«Sklaven, unterwerft euch euren Meistern. Nicht nur denen, die gut und rücksichtsvoll sind, sondern auch denen, die hart sind.» In «The Birth of a Nation» predigt der unfreie Afroamerikaner Nat Turner die Unterwürfigkeit. Sie sei etwas Gutes. Sein Publikum: andere Sklaven. Seine Auftraggeber: die weissen Plantagenbesitzer. Denn die haben Angst vor einem Aufstand.
Eine historische Figur
In «The Birth of a Nation» geht es um das Leben des Sklaven, Predigers und späteren Rebellen Nat Turner. Eine historische Figur: Nat Turner führte am 21. August 1831 einen Aufstand gegen die weissen Sklavenhalter im Süden Virginias an.
Obwohl die Revolte nur 48 Stunden dauerte, gilt sie heute als einer der bedeutendsten und brutalsten Sklavenaufstände in der Geschichte der USA.
Über 50 Weisse kamen dabei ums Leben. Mehr als doppelt so viele Afroamerikaner – Sklaven und Freie – wurden von der Zivilbevölkerung im Anschluss an die Rebellion gelyncht.
Ein Stück afroamerikanische Geschichte
«The Birth of a Nation» erzählt konventionell ein wichtiges Kapitel afroamerikanischer Geschichte. Rebellierende Sklaven gehören bis heute nicht zu den Helden, von denen amerikanische Geschichtsbücher so gerne erzählen. Die berichten überwiegend vom weissen Amerika.
Es war Nate Parkers Absicht, auf dieses Problem aufmerksam zu machen. Und es ist kein Zufall, dass sein Film den gleichen Titel trägt wie D.W. Griffiths rassistischer Stummfilm aus dem Jahr 1915, der bis heute als ein wichtiger Bestandteil der amerikanischen Filmgeschichte behandelt wird.
In einem Interview mit dem Magazin «Filmmaker» erklärte Parker: Er habe diesen Titel gewählt, um «eine ehrliche Konfrontation mit der Vergangenheit in Gang zu bringen, welches hoffentlich zur Heilung und nachhaltige Veränderung der Gesellschaft führen wird.»
Erfolgreiche Premiere
Der Afroamerikaner Nate Parker spielt nicht nur den Rebellen Nat Turner, sondern schrieb auch das Drehbuch, übernahm die Regie und beteiligte sich als Produzent.
Als «The Birth of a Nation» am 25. Januar 2016 am Sundance Festival in Utah Premiere feierte, war die Begeisterung gross.

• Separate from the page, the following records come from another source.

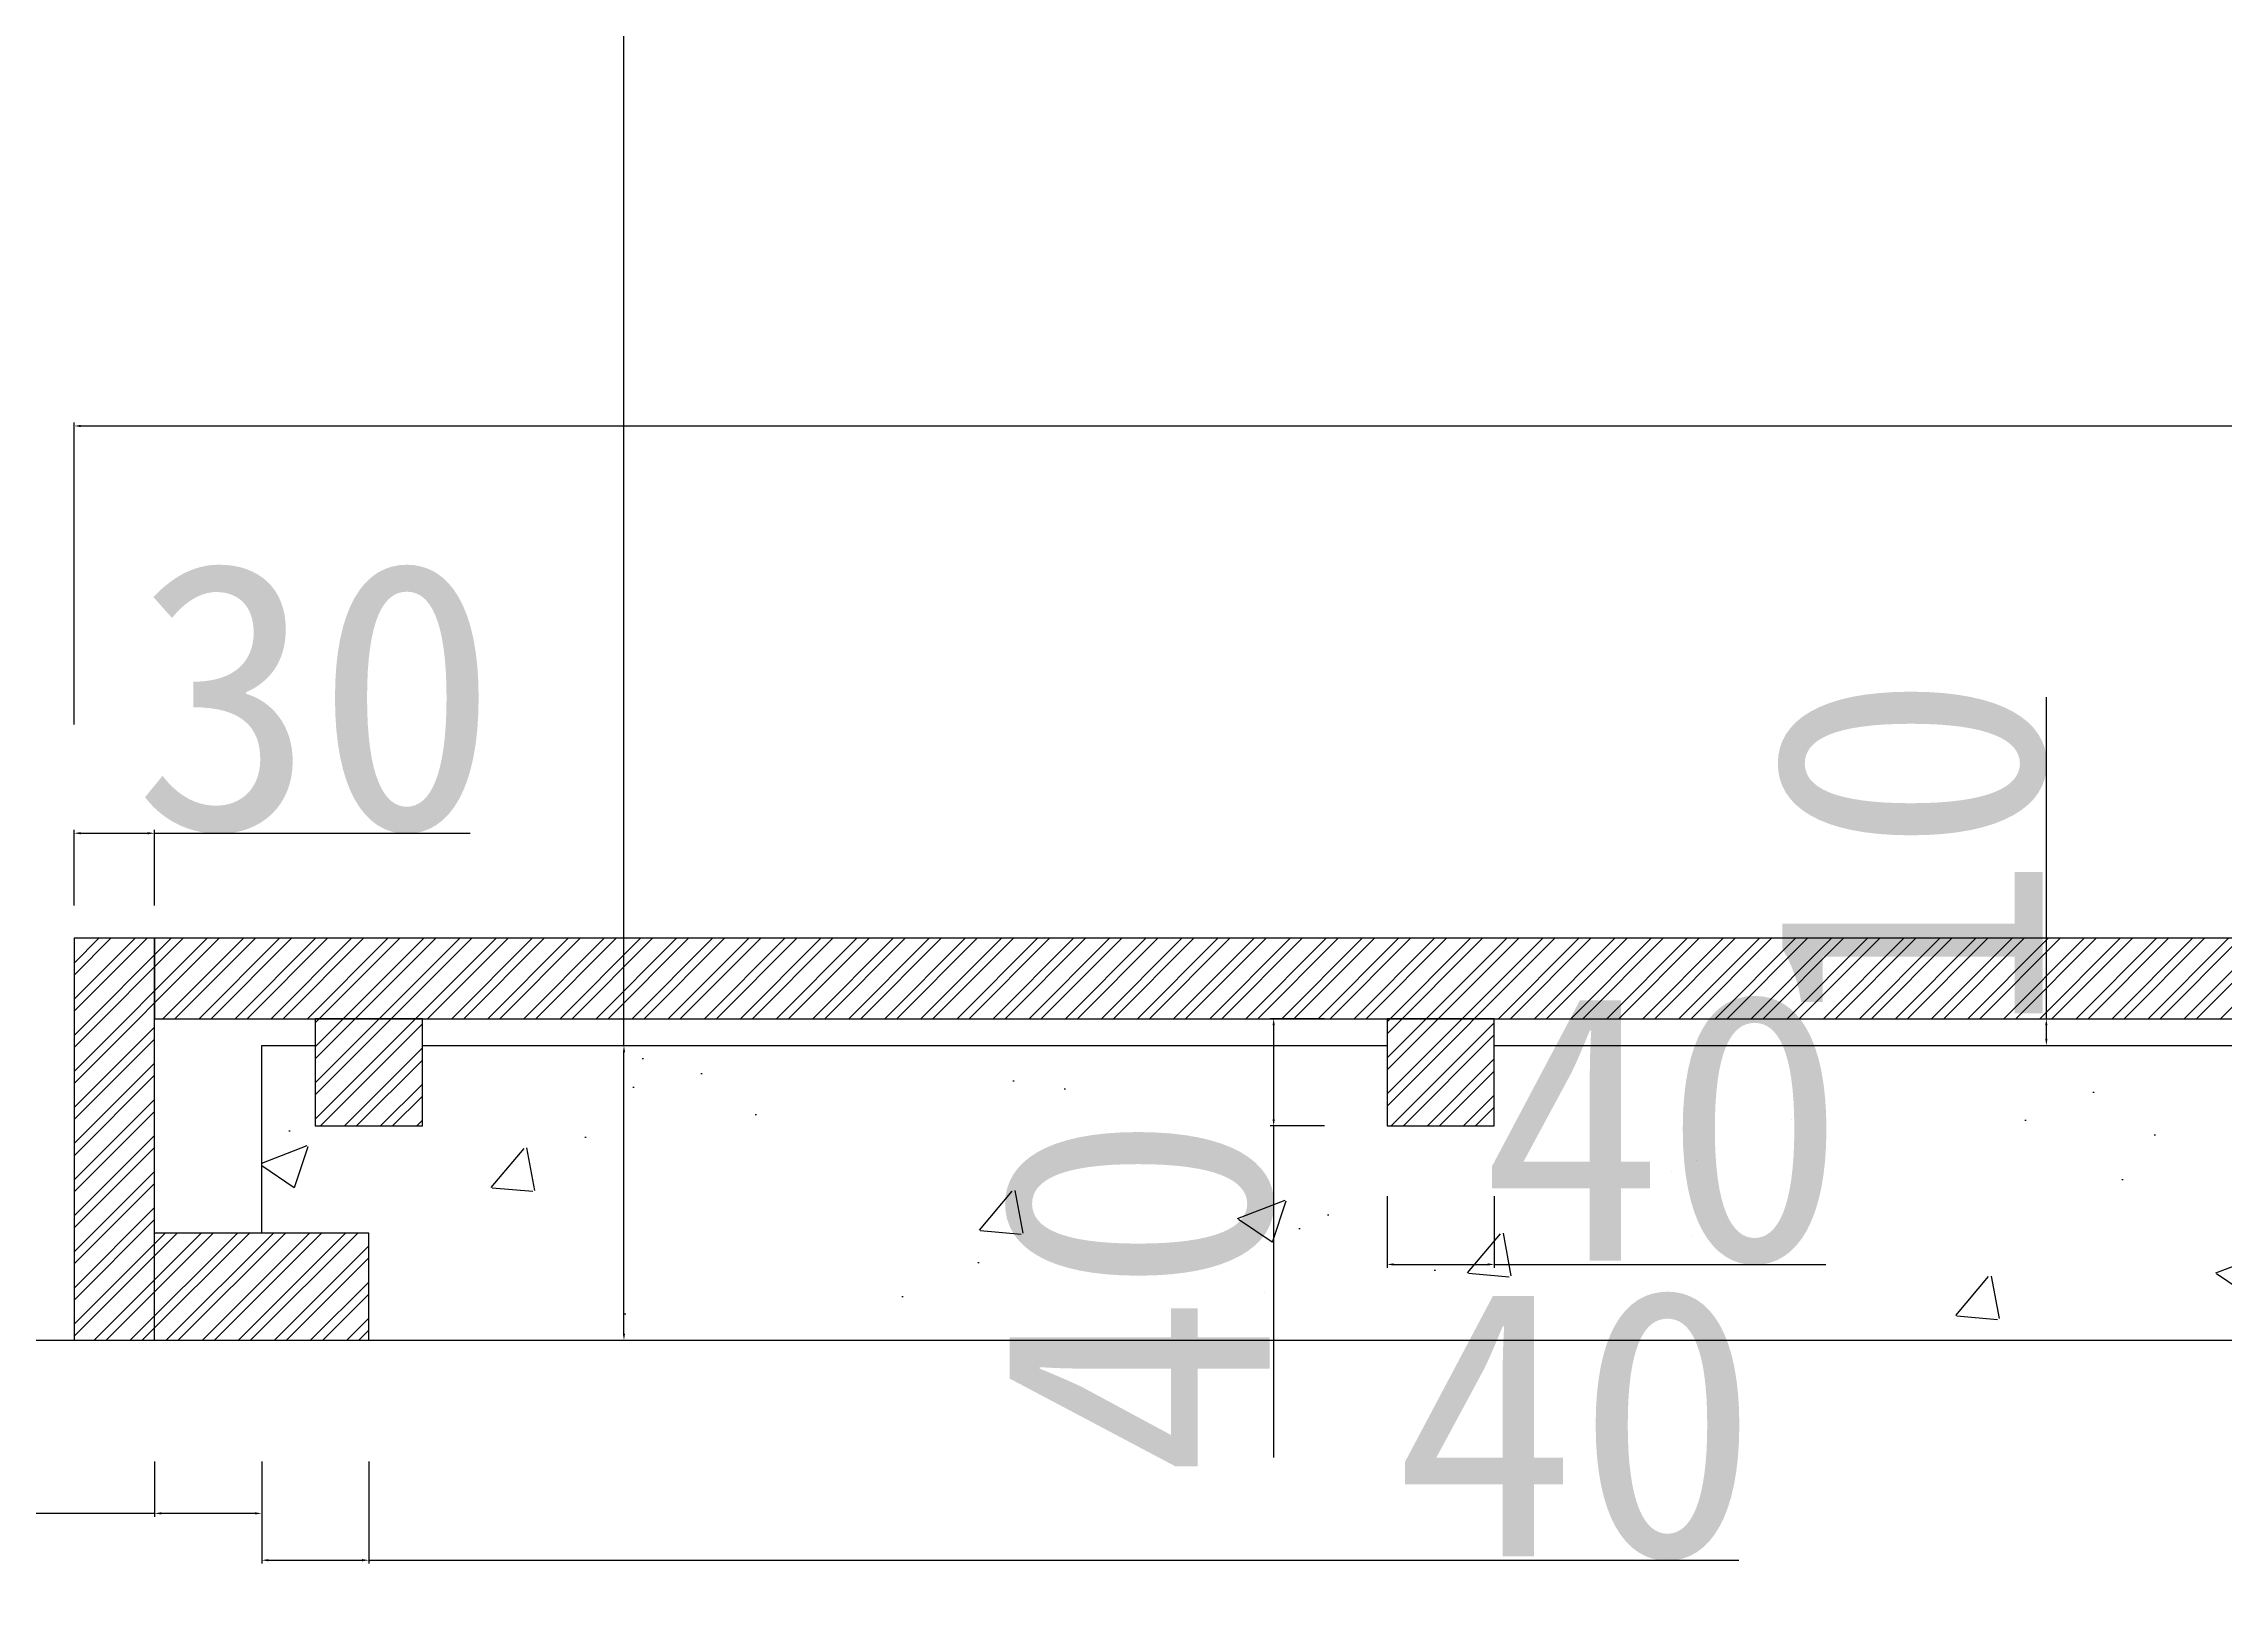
# Model space of a CAD drawing. Extents: x 537 to 24606, y 10245 to 27150.
# Drawn here: x 14500 to 15314, y 25834 to 26415 of the extents above; entities that cross this region are included whole.
import ezdxf

# ---------------------------------------------------------------- set-up
doc = ezdxf.new("R2010")
doc.units = 0
doc.layers.get('DEFPOINTS').update_dxf_attribs({"linetype": 'CONTINUOUS'})
for name, color, linetype in [('建筑', 1, 'CONTINUOUS'), ('标注', 5, 'CONTINUOUS'), ('路', 7, 'CONTINUOUS'), ('铺装', 8, 'CONTINUOUS')]:
    doc.layers.add(name, color=color, linetype=linetype)
doc.styles.get("Standard").update_dxf_attribs({"font": '', "height": 100})
doc.styles.get('STANDARD').set_extended_font_data('KaiTi_GB2312')
doc.dimstyles.new('ISO-25', dxfattribs={"dimtxt": 2.5, "dimasz": 2.5, "dimexe": 1.25, "dimexo": 0.625, "dimtad": 1, "dimtxsty": 'STANDARD', "dimcen": 2.5, "dimazin": 3, "dimtfac": 1, "dimtmove": 0, "dimatfit": 3})

# ---------------------------------------------------------------- blocks, each defined once
blk = doc.blocks.new('*D3')
at = {"layer": 'DEFPOINTS', "color": 0}
for p in [(17541.33, 26272.49), (14511.33, 26160.43), (17541.33, 26160.43)]:
    blk.add_point(p, dxfattribs=at)
at = {"layer": '标注', "color": 0}
for p, q in [((14511.33, 26161.06), (14511.33, 26273.74)), ((14513.83, 26272.49), (17538.83, 26272.49)), ((17541.33, 26161.06), (17541.33, 26273.74))]:
    blk.add_line(p, q, dxfattribs=at)
for points in [[(14513.83, 26272.91), (14513.83, 26272.08), (14511.33, 26272.49)], [(17538.83, 26272.91), (17538.83, 26272.08), (17541.33, 26272.49)]]:
    blk.add_solid(points, dxfattribs=at)
at = {"layer": '标注', "color": 0, "insert": (16026.33, 26335.55), "char_height": 100, "attachment_point": 5}
blk.add_mtext('依尺寸', dxfattribs=at)
blk = doc.blocks.new('*D65')
at = {"layer": 'DEFPOINTS', "color": 0}
for p in [(14541.33, 26120.49), (14511.33, 26092.88), (14541.33, 26092.88)]:
    blk.add_point(p, dxfattribs=at)
at = {"layer": '标注', "color": 0}
for p, q in [((14511.33, 26093.5), (14511.33, 26121.74)), ((14513.83, 26120.49), (14538.83, 26120.49)), ((14541.33, 26093.5), (14541.33, 26121.74)), ((14541.33, 26120.49), (14659.13, 26120.49))]:
    blk.add_line(p, q, dxfattribs=at)
for points in [[(14513.83, 26120.91), (14513.83, 26120.07), (14511.33, 26120.49)], [(14538.83, 26120.91), (14538.83, 26120.07), (14541.33, 26120.49)]]:
    blk.add_solid(points, dxfattribs=at)
at = {"layer": '标注', "color": 0, "insert": (14601.48, 26171.12), "char_height": 100, "attachment_point": 5}
blk.add_mtext('30', dxfattribs=at)
blk = doc.blocks.new('*D66')
at = {"layer": 'DEFPOINTS', "color": 0}
for p in [(14641.33, 26041.26), (14641.33, 25931.26), (14716.53, 25931.26)]:
    blk.add_point(p, dxfattribs=at)
at = {"layer": '标注', "color": 0}
for p, q in [((14716.53, 26041.26), (14716.53, 26748.73)), ((14641.95, 26041.26), (14717.78, 26041.26)), ((14716.53, 25933.76), (14716.53, 26038.76)), ((14641.95, 25931.26), (14717.78, 25931.26))]:
    blk.add_line(p, q, dxfattribs=at)
for points in [[(14716.11, 26038.76), (14716.95, 26038.76), (14716.53, 26041.26)], [(14716.11, 25933.76), (14716.95, 25933.76), (14716.53, 25931.26)]]:
    blk.add_solid(points, dxfattribs=at)
at = {"layer": '标注', "color": 0, "insert": (14665.91, 26655.4), "char_height": 100, "attachment_point": 5, "rotation": 90}
blk.add_mtext('110', dxfattribs=at)
blk = doc.blocks.new('*D68')
at = {"layer": 'DEFPOINTS', "color": 0}
for p in [(15221.33, 26051.26), (15247.35, 26051.26), (15221.33, 26041.26)]:
    blk.add_point(p, dxfattribs=at)
at = {"layer": '标注', "color": 0}
for p, q in [((15247.35, 26051.26), (15247.35, 26171.23)), ((15221.95, 26051.26), (15248.6, 26051.26)), ((15247.35, 26043.76), (15247.35, 26048.76)), ((15221.95, 26041.26), (15248.6, 26041.26))]:
    blk.add_line(p, q, dxfattribs=at)
for points in [[(15246.93, 26048.76), (15247.77, 26048.76), (15247.35, 26051.26)], [(15246.93, 26043.76), (15247.77, 26043.76), (15247.35, 26041.26)]]:
    blk.add_solid(points, dxfattribs=at)
at = {"layer": '标注', "color": 0, "insert": (15196.73, 26112.5), "char_height": 100, "attachment_point": 5, "rotation": 90}
blk.add_mtext('10', dxfattribs=at)
blk = doc.blocks.new('*D69')
at = {"layer": 'DEFPOINTS', "color": 0}
for p in [(14978.56, 26051.26), (14958.99, 26011.26), (14978.56, 26011.26)]:
    blk.add_point(p, dxfattribs=at)
at = {"layer": '标注', "color": 0}
for p, q in [((14977.93, 26051.26), (14957.74, 26051.26)), ((14958.99, 26048.76), (14958.99, 26013.76)), ((14977.93, 26011.26), (14957.74, 26011.26)), ((14958.99, 26011.26), (14958.99, 25887.51))]:
    blk.add_line(p, q, dxfattribs=at)
for points in [[(14958.58, 26048.76), (14959.41, 26048.76), (14958.99, 26051.26)], [(14958.58, 26013.76), (14959.41, 26013.76), (14958.99, 26011.26)]]:
    blk.add_solid(points, dxfattribs=at)
at = {"layer": '标注', "color": 0, "insert": (14908.37, 25948.14), "char_height": 100, "attachment_point": 5, "rotation": 90}
blk.add_mtext('40', dxfattribs=at)
blk = doc.blocks.new('*D70')
at = {"layer": 'DEFPOINTS', "color": 0}
for p in [(15001.33, 25985.67), (15041.33, 25985.67), (15041.33, 25959.55)]:
    blk.add_point(p, dxfattribs=at)
at = {"layer": '标注', "color": 0}
for p, q in [((15001.33, 25985.04), (15001.33, 25958.3)), ((15041.33, 25985.04), (15041.33, 25958.3)), ((15003.83, 25959.55), (15038.83, 25959.55)), ((15041.33, 25959.55), (15165.08, 25959.55))]:
    blk.add_line(p, q, dxfattribs=at)
for points in [[(15003.83, 25959.97), (15003.83, 25959.13), (15001.33, 25959.55)], [(15038.83, 25959.97), (15038.83, 25959.13), (15041.33, 25959.55)]]:
    blk.add_solid(points, dxfattribs=at)
at = {"layer": '标注', "color": 0, "insert": (15104.45, 26010.17), "char_height": 100, "attachment_point": 5}
blk.add_mtext('40', dxfattribs=at)
blk = doc.blocks.new('*D71')
at = {"layer": 'DEFPOINTS', "color": 0}
for p in [(14581.33, 25886.64), (14621.33, 25886.64), (14621.33, 25849.15)]:
    blk.add_point(p, dxfattribs=at)
at = {"layer": '标注', "color": 0}
for p, q in [((14581.33, 25886.01), (14581.33, 25847.9)), ((14621.33, 25886.01), (14621.33, 25847.9)), ((14583.83, 25849.15), (14618.83, 25849.15)), ((14621.33, 25849.15), (15132.58, 25849.15))]:
    blk.add_line(p, q, dxfattribs=at)
for points in [[(14583.83, 25849.57), (14583.83, 25848.74), (14581.33, 25849.15)], [(14618.83, 25849.57), (14618.83, 25848.74), (14621.33, 25849.15)]]:
    blk.add_solid(points, dxfattribs=at)
at = {"layer": '标注', "color": 0, "insert": (15071.95, 25899.78), "char_height": 100, "attachment_point": 5}
blk.add_mtext('40', dxfattribs=at)
blk = doc.blocks.new('*D72')
at = {"layer": 'DEFPOINTS', "color": 0}
for p in [(14541.33, 25886.64), (14581.33, 25886.64), (14581.33, 25866.64)]:
    blk.add_point(p, dxfattribs=at)
at = {"layer": '标注', "color": 0}
for p, q in [((14541.33, 25886.01), (14541.33, 25865.39)), ((14581.33, 25886.01), (14581.33, 25865.39)), ((14541.33, 25866.64), (14030.08, 25866.64)), ((14578.83, 25866.64), (14543.83, 25866.64))]:
    blk.add_line(p, q, dxfattribs=at)
for points in [[(14543.83, 25867.05), (14543.83, 25866.22), (14541.33, 25866.64)], [(14578.83, 25867.05), (14578.83, 25866.22), (14581.33, 25866.64)]]:
    blk.add_solid(points, dxfattribs=at)
at = {"layer": '标注', "color": 0, "insert": (14090.7, 25917.26), "char_height": 100, "attachment_point": 5}
blk.add_mtext('40', dxfattribs=at)

msp = doc.modelspace()

# ---------------------------------------------------------------- hatches: boundary and pattern name
at = {"layer": '铺装'}
h = msp.add_hatch(dxfattribs=at)
h.set_pattern_fill('ANSI32,_O', color=256)
h.set_pattern_definition([(45, (51988.384, -67504.3285), (-6.7351921, 6.7351921), []), (45, (51992.874, -67504.3285), (-6.7351921, 6.7351921), [])])
h.paths.add_polyline_path([(17511.329, 26081.264), (14541.329, 26081.264), (14541.329, 26051.264), (17511.329, 26051.264)])
h.paths.add_polyline_path([(14541.329, 26081.264), (14511.329, 26081.264), (14511.329, 25931.264), (14541.329, 25931.264)])
h.paths.add_polyline_path([(14621.329, 25971.264), (14541.329, 25971.264), (14541.329, 25931.264), (14621.329, 25931.264)])
h.paths.add_polyline_path([(14641.329, 26051.264), (14601.329, 26051.264), (14601.329, 26011.264), (14641.329, 26011.264)])
h.paths.add_polyline_path([(15041.329, 26051.264), (15001.329, 26051.264), (15001.329, 26011.264), (15041.329, 26011.264)])
h.paths.add_polyline_path([(15441.329, 26051.264), (15401.329, 26051.264), (15401.329, 26011.264), (15441.329, 26011.264)])
h.paths.add_polyline_path([(15841.329, 26051.264), (15801.329, 26051.264), (15801.329, 26011.264), (15841.329, 26011.264)])
h.paths.add_polyline_path([(16241.329, 26051.264), (16201.329, 26051.264), (16201.329, 26011.264), (16241.329, 26011.264)])
h.paths.add_polyline_path([(17041.329, 26051.264), (17001.329, 26051.264), (17001.329, 26011.264), (17041.329, 26011.264)])
h.paths.add_polyline_path([(17441.329, 26051.264), (17401.329, 26051.264), (17401.329, 26011.264), (17441.329, 26011.264)])
h.paths.add_polyline_path([(17541.329, 26081.264), (17511.329, 26081.264), (17511.329, 25931.264), (17541.329, 25931.264)])
h.paths.add_polyline_path([(17511.329, 25971.264), (17471.329, 25971.264), (17471.329, 25931.264), (17511.329, 25931.264)])
h.paths.add_polyline_path([(17471.329, 25971.264), (17431.329, 25971.264), (17431.329, 25931.264), (17471.329, 25931.264)])
h.paths.add_polyline_path([(16641.329, 26041.264), (16601.329, 26041.264), (16601.329, 26011.264), (16641.329, 26011.264)])
h.paths.add_polyline_path([(16641.329, 26051.264), (16601.329, 26051.264), (16601.329, 26041.264), (16641.329, 26041.264)])
h = msp.add_hatch(dxfattribs=at)
h.set_pattern_fill('AR-CONC,_O', color=256)
h.set_pattern_definition([(50, (51988.38, -67504.33), (182.18467, -15.93909), [19.05, -209.55]), (355, (51988.38, -67504.33), (-35.24283, 191.05664), [15.24, -167.64]), (100.451, (52003.57, -67505.66), (146.9425, 175.1167), [16.19, -178.09]), (46.1842, (51988.38, -67453.53), (271.07904, -42.04233), [28.575, -314.325]), (96.6356, (52010.97, -67457.03), (237.4042, 247.42556), [24.285, -267.135]), (351.184, (51988.38, -67453.53), (237.4046, 247.4251), [22.86, -251.46]), (21, (52013.78, -67466.23), (151.61488, -102.26552), [19.05, -209.55]), (326, (52013.78, -67466.23), (61.80203, 184.18797), [15.24, -167.64]), (71.4514, (52026.42, -67474.75), (213.4165, 81.92286), [16.19, -178.09]), (37.5, (51988.384, -67504.33), (3.088603, 84.55504), [0, -165.608, 0, -170.18, 0, -168.275]), (7.5, (51988.38, -67504.33), (66.81966, 100.180575), [0, -97.028, 0, -161.798, 0, -64.135]), (327.5, (51931.74, -67504.33), (135.590595, -5.728744), [0, -63.5, 0, -198.12, 0, -262.89]), (317.5, (51906.34, -67504.33), (148.12918, 25.42649), [0, -82.55, 0, -131.572, 0, -186.69])])
h.paths.add_polyline_path([(15841.329, 26041.264), (15841.329, 26011.264), (15801.329, 26011.264), (15801.329, 26041.264), (15441.329, 26041.264), (15441.329, 26011.264), (15401.329, 26011.264), (15401.329, 26041.264), (15041.329, 26041.264), (15041.329, 26011.264), (15001.329, 26011.264), (15001.329, 26041.264), (14641.329, 26041.264), (14641.329, 26011.264), (14601.329, 26011.264), (14601.329, 26041.264), (14581.329, 26041.264), (14581.329, 25971.264), (14621.329, 25971.264), (14621.329, 25931.264), (17431.329, 25931.264), (17431.329, 25971.264), (17471.329, 25971.264), (17471.329, 26041.264), (17441.329, 26041.264), (17441.329, 26011.264), (17401.329, 26011.264), (17401.329, 26041.264), (17041.329, 26041.264), (17041.329, 26011.264), (17001.329, 26011.264), (17001.329, 26041.264), (16641.329, 26041.264), (16641.329, 26011.264), (16601.329, 26011.264), (16601.329, 26041.264), (16241.329, 26041.264), (16241.329, 26011.264), (16201.329, 26011.264), (16201.329, 26041.264)])

# ---------------------------------------------------------------- linework, layer by layer
at = {"layer": '建筑'}
msp.add_line((14409.249, 25931.264), (17639.866, 25931.264), dxfattribs=at)
at = {"layer": '路'}
for p, q in [((14581.329, 26041.264), (14601.329, 26041.264)), ((14581.329, 25971.264), (14581.329, 26041.264)), ((14641.329, 26041.264), (15001.329, 26041.264)), ((15041.329, 26041.264), (15401.329, 26041.264)), ((14621.329, 25971.264), (14541.329, 25971.264)), ((14621.329, 25931.264), (14621.329, 25971.264)), ((14541.329, 25931.264), (14621.329, 25931.264))]:
    msp.add_line(p, q, dxfattribs=at)
for points in [[(14511.329, 25931.264), (14541.329, 25931.264), (14541.329, 26081.264), (14511.329, 26081.264)], [(14541.329, 26051.264), (17511.329, 26051.264), (17511.329, 26081.264), (14541.329, 26081.264)], [(14601.329, 26011.264), (14641.329, 26011.264), (14641.329, 26051.264), (14601.329, 26051.264)], [(15001.329, 26011.264), (15041.329, 26011.264), (15041.329, 26051.264), (15001.329, 26051.264)]]:
    msp.add_lwpolyline(points, close=True, dxfattribs=at)

# ---------------------------------------------------------------- dimensions: what is measured, and where the dimension line sits
at = {"layer": '标注'}
dim = msp.add_linear_dim(base=(14716.531, 25931.264), p1=(14641.329, 26041.264), p2=(14641.329, 25931.264), angle=90, dimstyle='ISO-25', dxfattribs=at)
dim.commit()
dim.dimension.update_dxf_attribs({"geometry": '*D66', "text_midpoint": (14716.531, 26655.402), "dimtype": 160})
dim = msp.add_linear_dim(base=(17541.329, 26272.495), p1=(14511.329, 26160.434), p2=(17541.329, 26160.434), text='依尺寸', dimstyle='ISO-25', dxfattribs=at)
dim.commit()
dim.dimension.update_dxf_attribs({"geometry": '*D3', "text_midpoint": (16026.329, 26335.552)})
for base, p1, p2, picture, middle in [((14541.329, 26120.49), (14511.329, 26092.879), (14541.329, 26092.879), '*D65', (14601.481, 26171.115)), ((15041.329, 25959.55), (15001.329, 25985.668), (15041.329, 25985.668), '*D70', (15104.454, 26010.175))]:
    dim = msp.add_linear_dim(base=base, p1=p1, p2=p2, dimstyle='ISO-25', dxfattribs=at)
    dim.commit()
    dim.dimension.update_dxf_attribs({"geometry": picture, "text_midpoint": middle})
for base, p1, p2, picture, middle in [((15247.351, 26051.264), (15221.329, 26041.264), (15221.329, 26051.264), '*D68', (15196.726, 26112.497)), ((14958.994, 26011.264), (14978.558, 26051.264), (14978.558, 26011.264), '*D69', (14908.369, 25948.139))]:
    dim = msp.add_linear_dim(base=base, p1=p1, p2=p2, angle=90, dimstyle='ISO-25', dxfattribs=at)
    dim.commit()
    dim.dimension.update_dxf_attribs({"geometry": picture, "text_midpoint": middle})
for base, p1, p2, picture, middle in [((14581.329, 25866.637), (14541.329, 25886.637), (14581.329, 25886.637), '*D72', (14090.704, 25866.637)), ((14621.329, 25849.155), (14581.329, 25886.637), (14621.329, 25886.637), '*D71', (15071.954, 25849.155))]:
    dim = msp.add_linear_dim(base=base, p1=p1, p2=p2, dimstyle='ISO-25', dxfattribs=at)
    dim.commit()
    dim.dimension.update_dxf_attribs({"geometry": picture, "text_midpoint": middle, "dimtype": 160})

doc.saveas('drawing.dxf')

Der Film traf den Nerv der Zeit: Die amerikanische Filmbranche diskutierte gerade darüber, dass alle Oscar-Nominierten 2016 weisse Männer und Frauen waren.
Kein Oscar-Kandidat
Nach den positiven Reaktionen am Festival hielten viele den Film für einen sicheren Oscar-Kandidaten. Die Hoffnungen lösten sich jedoch schnell in Rauch auf, als an die Öffentlichkeit drang, dass Nate Parker 1999 zusammen mit einem Kollegen eine betrunkene Mitstudentin an der Penn State University vergewaltigt haben soll.
Parker wurde damals freigesprochen, sein Kollege zu sechs Monaten Haft verurteilt. Erst in der Berufung kam er frei, weil das Opfer nicht noch einmal vor Gericht auftreten wollte.
Dass die Frau 2012 auf Grund von Depression Selbstmord begangen hatte und im Film zwei erfundene Vergewaltigungsszenen vorkommen, goss weiter Öl ins Feuer. Durch die Debatte trat «The Birth of a Nation» in den Hintergrund. Bei den Oscar-Nominierungen 2017 sprach kein Mensch mehr von dem Film.